• _Problem description_: Find the line containing "Location_Transformation .right.> Tracking_Service" in the entries below. Reproduce that line and each one after it to the end, exactly, with no other lines.

• _Supplied material_:
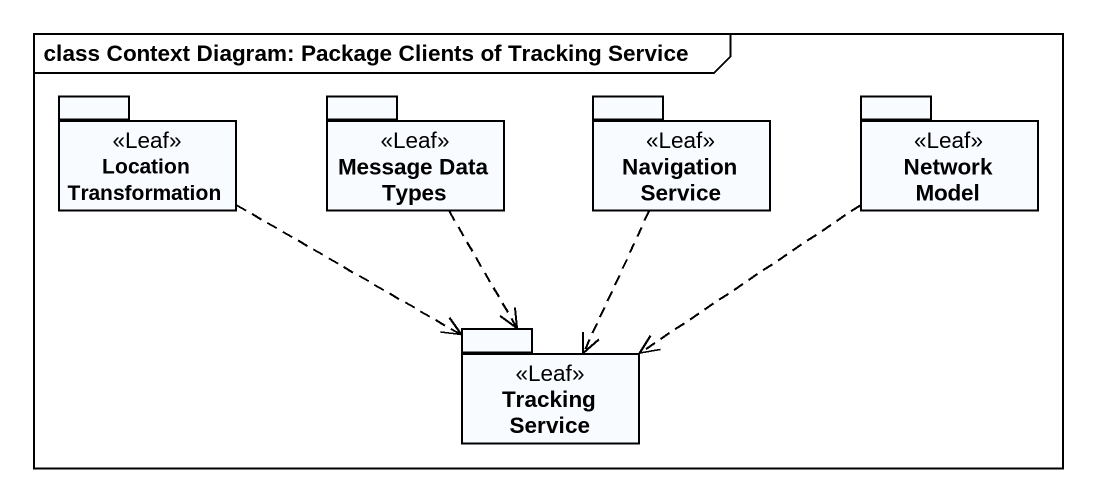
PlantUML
@startuml
mainframe class Context Diagram: Package Clients of Tracking Service
package "Location Transformation" as Location_Transformation <<Leaf>> {
}
package "Message Data Types" as Message_Data_Types <<Leaf>> {
}
package "Navigation Service" as Navigation_Service <<Leaf>> {
}
package "Network Model" as Network_Model <<Leaf>> {
}
package "Tracking Service" as Tracking_Service <<Leaf>> {
}
Location_Transformation .right.> Tracking_Service
Message_Data_Types ..> Tracking_Service
Navigation_Service ..> Tracking_Service
Network_Model .left.> Tracking_Service
@enduml

• _Response_:
Location_Transformation .right.> Tracking_Service
Message_Data_Types ..> Tracking_Service
Navigation_Service ..> Tracking_Service
Network_Model .left.> Tracking_Service
@enduml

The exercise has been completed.